Simulated Author's Rebuttal

3 responses · 0 unresolved

We thank the referee for the careful reading and constructive comments on our manuscript. We address each major comment below, providing honest responses and indicating the revisions we will make to strengthen the presentation and evidence.

read point-by-point responses
  1. Referee: [Convergence Analysis] The convergence claim to stationary points under mild conditions (abstract and convergence section) does not verify that these conditions remain satisfied in the high-dimensional regimes (p ≫ n) used in the experiments; the augmented Lagrangian could become ill-conditioned when elastic-net regularization interacts with the orthogonality penalty, risking unstable or suboptimal stationary points.

    Authors: We agree that the convergence theorem is presented under mild conditions without an explicit verification or discussion tailored to the high-dimensional p ≫ n regimes in the experiments. The conditions (bounded penalty parameters, Lipschitz continuity of the objective) are dimension-independent in the proof, but we did not address potential ill-conditioning from the interaction of elastic-net and orthogonality terms. In the revision, we will expand the convergence section with a remark on applicability to high dimensions and add numerical monitoring of convergence behavior and penalty parameters in the experimental results to confirm stability. revision: yes

  2. Referee: [Experimental Results] The central empirical claim that DFSOS achieves comparable or better accuracy relies on experiments (synthetic and time-series sections), but the manuscript provides no quantitative accuracy values, standard deviations, number of runs, or direct objective-value/sparsity comparisons to deflation baselines; without these, it is impossible to confirm that the simultaneous solutions avoid deflation's error propagation or preserve sparsity benefits.

    Authors: The referee is correct that the experimental sections report only qualitative statements on accuracy without providing mean values, standard deviations, the number of repetitions, or direct comparisons of the SOS objective and sparsity levels. This limits the ability to assess the claims quantitatively.
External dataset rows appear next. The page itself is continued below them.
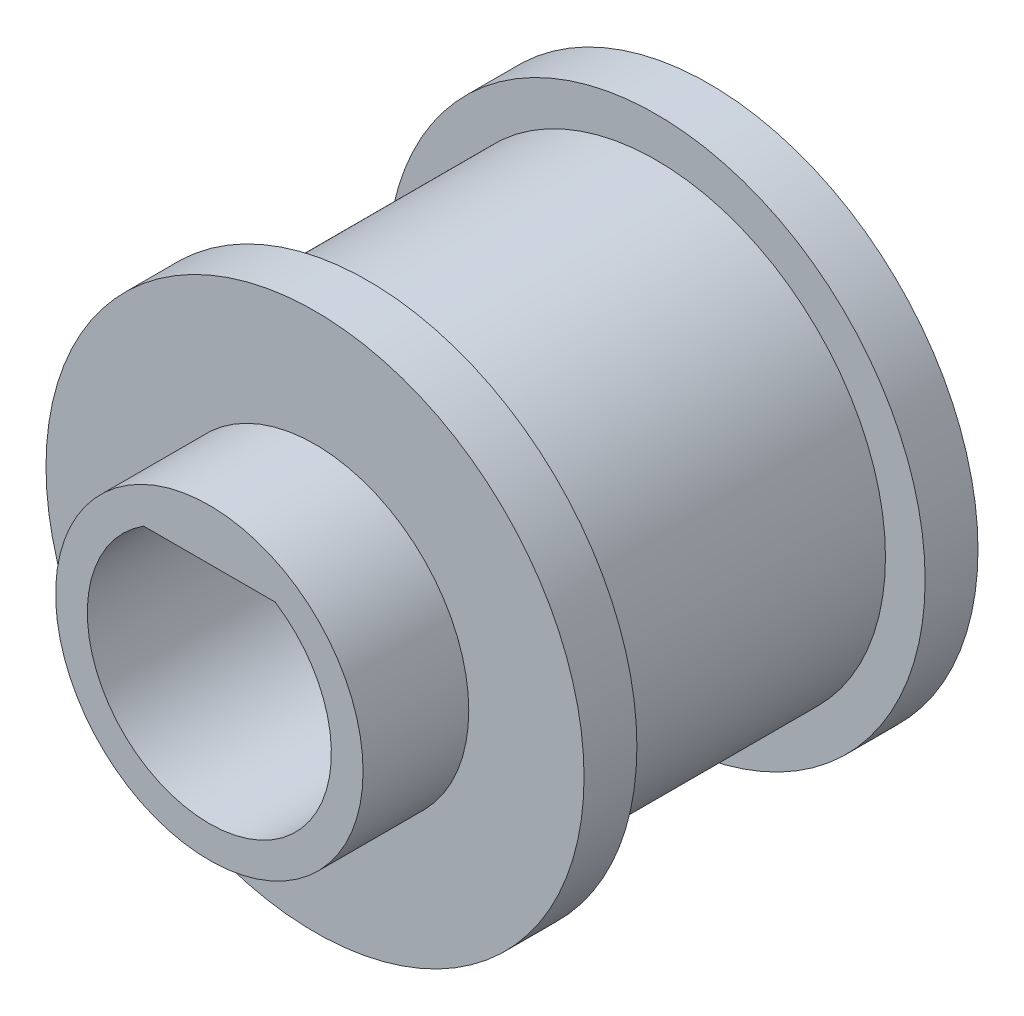
SolidWorks part; units mm, degrees
ref_plane "Płaszczyzna przednia" through (0, 0, 0) normal (0, 0, 1) x (1, 0, 0)
ref_plane "Płaszczyzna górna" through (0, 0, 0) normal (0, 1, 0) x (1, 0, 0)
ref_plane "Płaszczyzna prawa" through (0, 0, 0) normal (1, 0, 0) x (0, 0, -1)
sketch "Szkic1" plane through (0, 0, 0) normal (0, 0, 1) x (1, 0, 0)
  circle A0 centre (0, 0) radius 11.935
extrude "Dodanie-wyciągnięcie1" add sketch "Szkic1" along normal blind 20.5
sketch "Szkic2" plane through (0, 0, 20.5) normal (0, 0, 1) x (1, 0, 0)
  circle A0 centre (0, 0) radius 8
extrude "Dodanie-wyciągnięcie2" add sketch "Szkic2" along normal blind 5.5
sketch "Szkic3" plane through (0, 0, 20.5) normal (0, 0, 1) x (1, 0, 0)
  circle A0 centre (0, 0) radius 14
extrude "Dodanie-wyciągnięcie3" add sketch "Szkic3" against normal blind 2.75
pattern_linear "Szyk liniowy1" count 2 spacing 17.75 along (0, 0, -1) of "Dodanie-wyciągnięcie3"
sketch "Szkic6" plane through (0, 0, 26) normal (0, 0, 1) x (1, 0, 0)
  circle A0 centre (0, 0) radius 6.35
extrude "Wytnij-wyciągnięcie1" cut sketch "Szkic6" against normal blind 26
sketch "Szkic7" plane through (0, 0, 26) normal (0, 0, 1) x (1, 0, 0)
  line L1 (-3.5913, 6.35) -> (3.5688, 6.35)
  line L2 (-3.5913, 6.35) -> (-3.5913, 5.35)
  line L3 (-3.5913, 5.35) -> (3.5688, 5.35)
  line L4 (3.5688, 6.35) -> (3.5688, 5.35)
  circle A0 centre (0, 0) radius 6.35 construction
  dimension "D1" = 1
extrude "Dodanie-wyciągnięcie4" add sketch "Szkic7" against normal blind 26
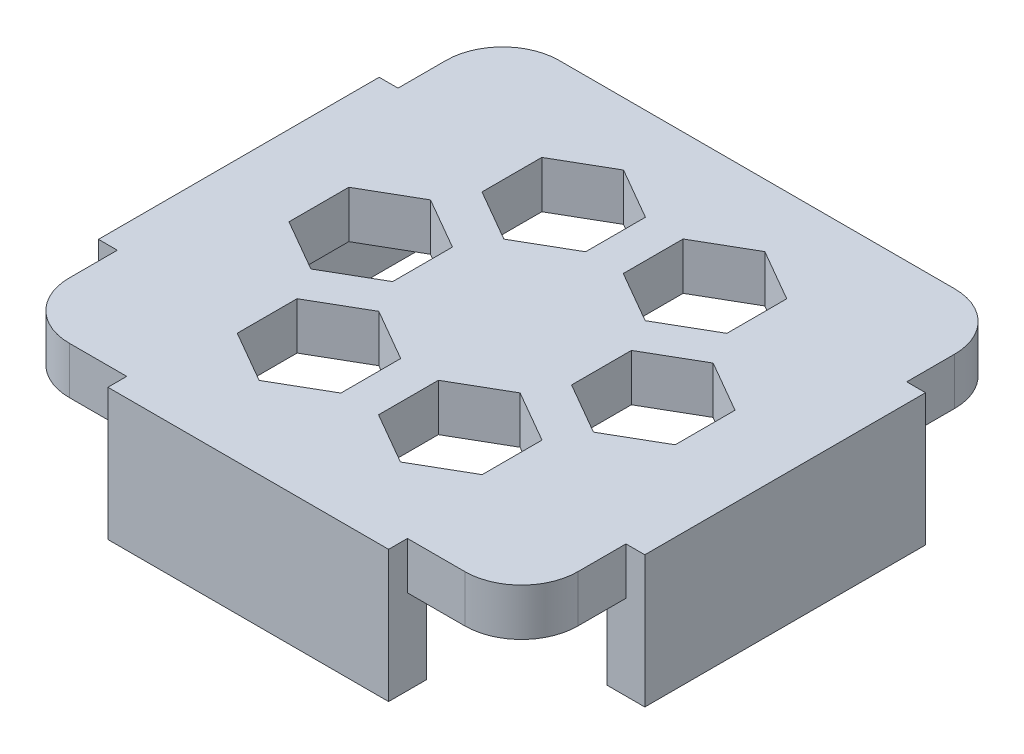
SolidWorks part; units mm, degrees
ref_plane "Front" through (0, 0, 0) normal (0, 0, 1) x (1, 0, 0)
ref_plane "Top" through (0, 0, 0) normal (0, 1, 0) x (1, 0, 0)
ref_plane "Right" through (0, 0, 0) normal (1, 0, 0) x (0, 0, -1)
sketch "Sketch1" plane through (0, 0, 0) normal (0, 1, 0) x (1, 0, 0)
  line L1 (-10.5, -13) -> (10.5, -13)
  line L2 (-13.5, -10) -> (-13.5, 10)
  line L3 (-10.5, 13) -> (10.5, 13)
  line L4 (13.5, -10) -> (13.5, 10)
  line L5 (-13.5, -13) -> (13.5, 13) construction
  line L6 (-13.5, 13) -> (13.5, -13) construction
  arc A0 (10.5, 13) -> (13.5, 10) centre (10.5, 10) cw
  arc A1 (-13.5, 10) -> (-10.5, 13) centre (-10.5, 10) cw
  arc A2 (-10.5, -13) -> (-13.5, -10) centre (-10.5, -10) cw
  arc A3 (10.5, -13) -> (13.5, -10) centre (10.5, -10) ccw
  point P0 (0, 0)
  dimension "D3" = 3
  dimension "D1" = 26
  dimension "D2" = 27
extrude "Boss-Extrude1" add sketch "Sketch1" along normal blind 2.5
sketch "Sketch2" plane through (0, 0, 0) normal (0, -1, 0) x (1, 0, 0)
  line L0 (0, 13) -> (0, -13) construction
  line L1 (-10.5, 13) -> (10.5, 13) construction
  line L2 (10.5, -13) -> (-10.5, -13) construction
  line L3 (-13.5, 0) -> (13.5, 0) construction
  line L4 (-13.5, -10) -> (-13.5, 10) construction
  line L5 (13.5, 10) -> (13.5, -10) construction
  line L6 (-12.5, 7.45) -> (-14.5, 7.45)
  line L7 (12.5, -7.45) -> (14.5, -7.45)
  line L8 (12.5, -7.45) -> (12.5, 7.45)
  line L9 (12.5, 7.45) -> (14.5, 7.45)
  line L10 (14.5, -7.45) -> (14.5, 7.45)
  line L11 (12.5, -7.45) -> (14.5, 7.45) construction
  line L12 (12.5, 7.45) -> (14.5, -7.45) construction
  line L13 (-14.5, -7.45) -> (-14.5, 7.45)
  line L14 (-12.5, -7.45) -> (-14.5, -7.45)
  line L15 (-12.5, -7.45) -> (-12.5, 7.45)
  line L16 (13.5, 0) -> (12.5, 0) construction
  line L17 (7.45, -14) -> (-7.45, -14) construction
  line L18 (7.45, -14) -> (7.45, -12) construction
  line L19 (7.45, -12) -> (-7.45, -12) construction
  line L20 (-7.45, -14) -> (-7.45, -12) construction
  line L21 (7.45, -14) -> (-7.45, -12) construction
  line L22 (7.45, -12) -> (-7.45, -14) construction
  line L23 (0, -12) -> (0, -13) construction
  line L24 (7.45, 12) -> (-7.45, 12)
  line L25 (-7.45, 14) -> (-7.45, 12)
  line L26 (7.45, 14) -> (-7.45, 14)
  line L27 (7.45, 14) -> (7.45, 12)
  point P12 (13.5, 0)
  point P22 (0, -13)
  dimension "D1" = 14.9
  dimension "D2" = 2
  dimension "D3" = 1
extrude "Boss-Extrude2" add sketch "Sketch2" against normal up to vertex (2.5 mm away) and the other way blind 4.5 up to point (-10.5, 2.5, -13)
sketch "Sketch3" plane through (0, 2.5, 0) normal (0, 1, 0) x (1, 0, 0)
  line L0 (0, 13) -> (0, 10) construction
  line L1 (10.5, 13) -> (-10.5, 13) construction
  line L2 (-13.5, 8.725) -> (-10.5, 8.725) construction
  line L3 (-13.5, 10) -> (-13.5, 7.45) construction
  line L4 (13.5, 8.725) -> (10.5, 8.725) construction
  line L5 (13.5, 7.45) -> (13.5, 10) construction
  line L6 (-8.975, -13) -> (-8.975, -10) construction
  line L7 (-10.5, -10) -> (10.5, -10) construction
  line L8 (-10.5, -10) -> (-10.5, 10) construction
  line L9 (-10.5, 10) -> (10.5, 10) construction
  line L10 (10.5, -10) -> (10.5, 10) construction
  line L11 (-10.5, -10) -> (10.5, 10) construction
  line L12 (-10.5, 10) -> (10.5, -10) construction
  line L13 (-10.5, -13) -> (-7.45, -13) construction
  line L14 (1, -4.9075) -> (3.75, -3.3198)
  line L39 (-3.75, 3.3198) -> (-1, 4.9075)
  line L40 (-10.5, 0) -> (10.5, 0) construction
  line L71 (-1, 4.9075) -> (-1, 8.0829)
  line L72 (0, -3.1754) -> (2.75, -1.5877) construction
  line L73 (2.75, -1.5877) -> (2.75, 1.5877) construction
  line L74 (2.75, 1.5877) -> (0, 3.1754) construction
  line L75 (0, 3.1754) -> (-2.75, 1.5877) construction
  line L76 (-2.75, 1.5877) -> (-2.75, -1.5877) construction
  line L77 (-2.75, -1.5877) -> (0, -3.1754) construction
  line L78 (-7.5, -3.1754) -> (-4.75, -1.5877)
  line L79 (-4.75, -1.5877) -> (-4.75, 1.5877)
  line L80 (-4.75, 1.5877) -> (-7.5, 3.1754)
  line L81 (-7.5, 3.1754) -> (-10.25, 1.5877)
  line L82 (-10.25, 1.5877) -> (-10.25, -1.5877)
  line L83 (-10.25, -1.5877) -> (-7.5, -3.1754)
  line L90 (7.5, -3.1754) -> (10.25, -1.5877)
  line L91 (10.25, -1.5877) -> (10.25, 1.5877)
  line L92 (10.25, 1.5877) -> (7.5, 3.1754)
  line L93 (7.5, 3.1754) -> (4.75, 1.5877)
  line L94 (4.75, 1.5877) -> (4.75, -1.5877)
  line L95 (4.75, -1.5877) -> (7.5, -3.1754)
  line L96 (-1, 8.0829) -> (-3.75, 9.6706)
  line L97 (-3.75, 9.6706) -> (-6.5, 8.0829)
  line L98 (-6.5, 8.0829) -> (-6.5, 4.9075)
  line L99 (-6.5, 4.9075) -> (-3.75, 3.3198)
  line L100 (3.75, 3.3198) -> (6.5, 4.9075)
  line L101 (6.5, 4.9075) -> (6.5, 8.0829)
  line L102 (6.5, 8.0829) -> (3.75, 9.6706)
  line L103 (3.75, 9.6706) -> (1, 8.0829)
  line L104 (1, 8.0829) -> (1, 4.9075)
  line L105 (1, 4.9075) -> (3.75, 3.3198)
  line L106 (1, -8.0829) -> (1, -4.9075)
  line L107 (3.75, -9.6706) -> (1, -8.0829)
  line L108 (6.5, -8.0829) -> (3.75, -9.6706)
  line L109 (6.5, -4.9075) -> (6.5, -8.0829)
  line L110 (3.75, -3.3198) -> (6.5, -4.9075)
  line L111 (-6.5, -4.9075) -> (-3.75, -3.3198)
  line L112 (-6.5, -8.0829) -> (-6.5, -4.9075)
  line L113 (-3.75, -9.6706) -> (-6.5, -8.0829)
  line L114 (-1, -8.0829) -> (-3.75, -9.6706)
  line L115 (-1, -4.9075) -> (-1, -8.0829)
  line L116 (-3.75, -3.3198) -> (-1, -4.9075)
  circle A0 centre (0, 0) radius 2.75 construction
  circle A1 centre (-7.5, 0) radius 2.75 construction
  circle A2 centre (7.5, 0) radius 2.75 construction
  circle A3 centre (-3.75, 6.4952) radius 2.75 construction
  circle A4 centre (3.75, 6.4952) radius 2.75 construction
  point P12 (0, 0)
  point P64 (-2.375, 4.1136)
  dimension "D5" = 2
  dimension "D4" = 5.5
  dimension "D1" = 3
  dimension "D2" = 2
  dimension "D3" = 2
  dimension "D6" = 2
  dimension "D7" = 2
  dimension "D8" = 2
  dimension "D9" = 2
extrude "Cut-Extrude1" cut sketch "Sketch3" against normal blind 10
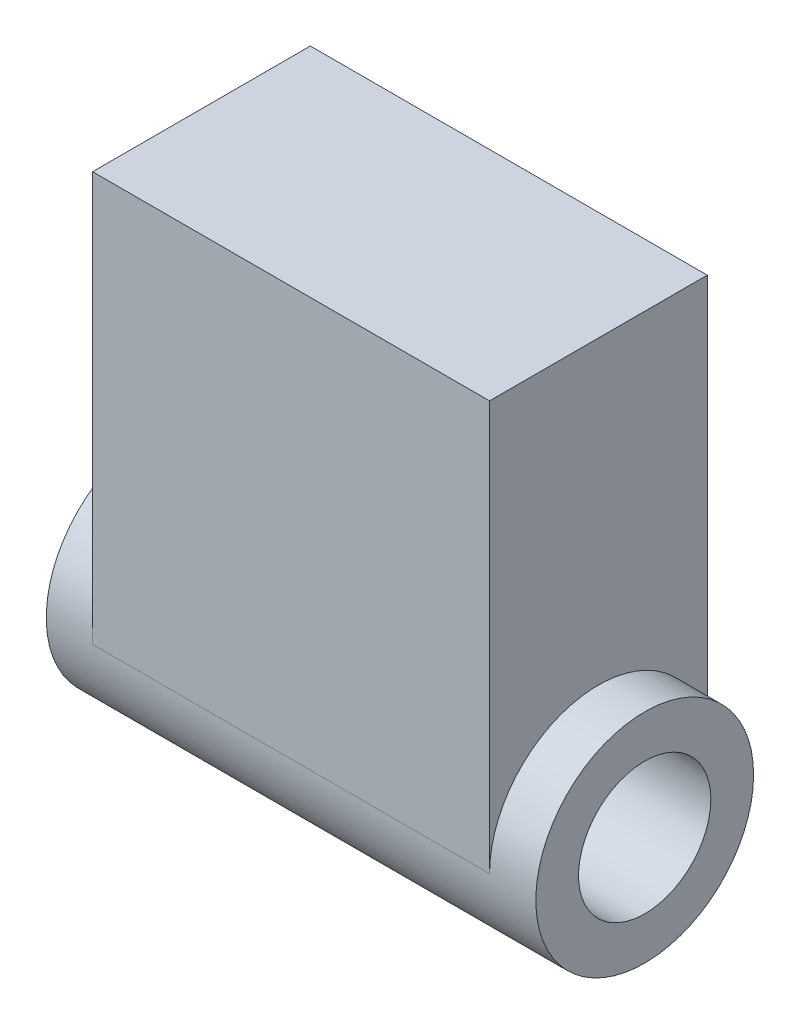
SolidWorks part; units mm, degrees
ref_plane "정면" through (0, 0, 0) normal (0, 0, 1) x (1, 0, 0)
ref_plane "윗면" through (0, 0, 0) normal (0, 1, 0) x (1, 0, 0)
ref_plane "우측면" through (0, 0, 0) normal (1, 0, 0) x (0, 0, -1)
sketch "스케치1" plane through (0, 0, 0) normal (1, 0, 0) x (0, 0, -1)
  line L0 (-3.2914, 0) -> (-3.2914, 12.3765)
  line L1 (-3.2914, 12.3765) -> (3.2914, 12.3765)
  line L2 (3.2914, 12.3765) -> (3.2914, 0)
  circle A0 centre (0, 0) radius 3.2914
  circle A1 centre (0, 0) radius 2
  dimension "D1" = 4
extrude "보스-돌출1" add sketch "스케치1" along normal mid plane 14.8 contours A0 A1 region at (0, 3.1983, 0)
extrude "보스-돌출2" add sketch "스케치1<3>" along normal mid plane 12 contours A0 L2 L1 L0 region at (0, 7.4532, 0)
sketch "스케치1<3>" plane through (0, 0, 0) normal (1, 0, 0) x (0, 0, -1) same geometry as "스케치1"
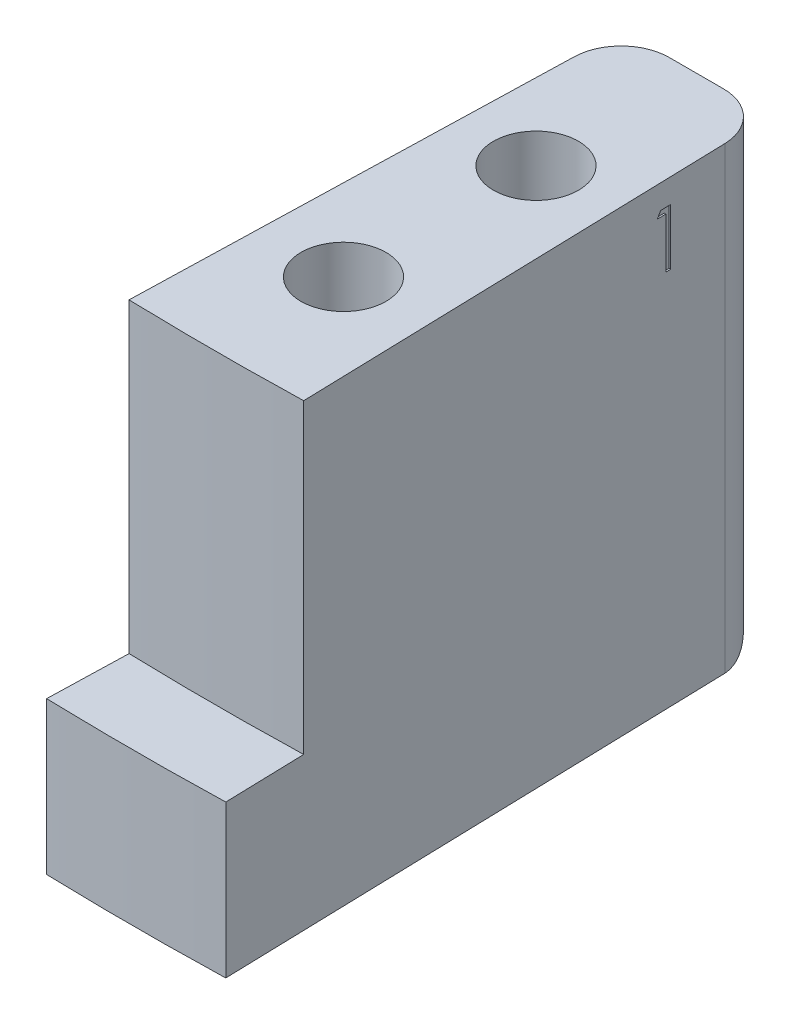
SolidWorks part; units mm, degrees
ref_plane "前视基准面" through (0, 0, 0) normal (0, 0, 1) x (1, 0, 0)
ref_plane "上视基准面" through (0, 0, 0) normal (0, 1, 0) x (1, 0, 0)
ref_plane "右视基准面" through (0, 0, 0) normal (1, 0, 0) x (0, 0, -1)
ref_axis "顶盖中心轴" through (0, -55, 0) along (0, 1, 0)
sketch "草图1" plane through (0, 0, 0) normal (0, 1, 0) x (1, 0, 0)
  line L0 (-4.7487, -170.0072) -> (-4.8586, -173.9402) construction
  line L1 (0, 0) -> (0, -125.794) construction
  line L3 (-4.6089, -165) -> (4.6089, -165)
  line L4 (-4.6089, -165) -> (-5.5843, -199.922)
  line L5 (4.6089, -165) -> (5.5843, -199.922)
  arc A0 (-5.4447, -194.924) -> (5.4447, -194.924) centre (0, 0) ccw
  arc A1 (-5.5843, -199.922) -> (5.5843, -199.922) centre (0, 0) ccw
  dimension "D1" = 1.6
  dimension "D2" = 195
  dimension "D4" = 200
  dimension "D3" = 165
extrude "主体" add sketch "草图1" along normal blind 28.6 contours L4 A0 L5 L3 region at (0, 0, 180.4033)
extrude "插销" add sketch "草图1<3>" along normal blind 9.5 contours L4 A1 L5 A0 region at (0, 0, 197.4849)
sketch "草图1<3>" plane through (0, 0, 0) normal (0, 1, 0) x (1, 0, 0) same geometry as "草图1"
ref_plane "对称面" through (0, 0, 0) normal (1, 0, 0) x (0, 0, -1)
fillet "圆角1" radius 3 3 edges at (-4.6089, 14.3, 165) (4.6089, 14.3, 165) (0, 0, 165)
hole_wizard "M5 间隙孔1" positions "草图4" profile "草图5" hole size "M5" standard "ISO" end condition up to next
sketch "草图4" plane through (0, 28.6, 0) normal (0, 1, 0) x (1, 0, 0)
  line L0 (0, -13.75) -> (0, 13.75) construction
  point P0 (0, -187)
  point P2 (0, -175)
  dimension "D1" = 175
  dimension "D2" = 187
sketch "草图5" plane through (0, 28.6, 187) normal (1, 0, 0) x (0, 0, 1)
  line L0 (0, 0) -> (0, 28.6)
  line L1 (0, 28.6) -> (2.65, 28.6)
  line L2 (2.65, 28.6) -> (2.65, 0)
  line L5 (2.65, 0) -> (0, 0)
  line L11 (0, -6.35) -> (0, 107.95) construction
  dimension "通孔孔直径" = 5.3
  dimension "通孔孔深度" = 28.6
sketch "草图6" plane through (0, 0, 0) normal (0, -1, 0) x (1, 0, 0)
  line L1 (0, 179.792) -> (-4.15, 177.396)
  line L2 (-4.15, 177.396) -> (-4.15, 172.604)
  line L3 (-4.15, 172.604) -> (0, 170.208)
  line L4 (0, 170.208) -> (4.15, 172.604)
  line L5 (4.15, 172.604) -> (4.15, 177.396)
  line L6 (4.15, 177.396) -> (0, 179.792)
  line L7 (0, 191.792) -> (-4.15, 189.396)
  line L8 (-4.15, 189.396) -> (-4.15, 184.604)
  line L9 (-4.15, 184.604) -> (0, 182.208)
  line L10 (0, 182.208) -> (4.15, 184.604)
  line L11 (4.15, 184.604) -> (4.15, 189.396)
  line L12 (4.15, 189.396) -> (0, 191.792)
  circle A0 centre (0, 175) radius 4.15 construction
  circle A1 centre (0, 187) radius 4.15 construction
  point P9 (0, 182.208)
  point P17 (0, 170.208)
  dimension "D1" = 8.3
  dimension "D2" = 8.3
extrude "切除-拉伸1" cut sketch "草图6" against normal blind 5
sketch "草图7" plane through (0, 0, 0) normal (0.9996, 0, -0.0279) x (-0.0279, 0, -0.9996)
  line L0 (-167.9817, 0.0012) -> (-167.9817, 28.6) construction
  line L1 (-167.9817, 28.6) -> (-195, 28.6) construction
  text T0 "1"
  point P1 (0, 0)
  dimension "D1" = 5
  dimension "D2" = 5
extrude "切除-拉伸2" cut sketch "草图7" against normal blind 0.1

We will revise the synthetic and time-series experiments to include tables with these statistics (e.g., averages and standard deviations over 20 runs) and add direct comparisons of objective values and selected feature counts against deflation baselines. revision: yes

  3. Referee: [Method and Experiments] The assertion that simultaneous estimation under global orthogonality yields superior or equivalent solutions to sequential deflation (introduction and method sections) is not supported by any demonstration that the obtained stationary points achieve lower or equal values of the original SOS objective or maintain comparable sparsity levels; this comparison is load-bearing for the claim of robustness.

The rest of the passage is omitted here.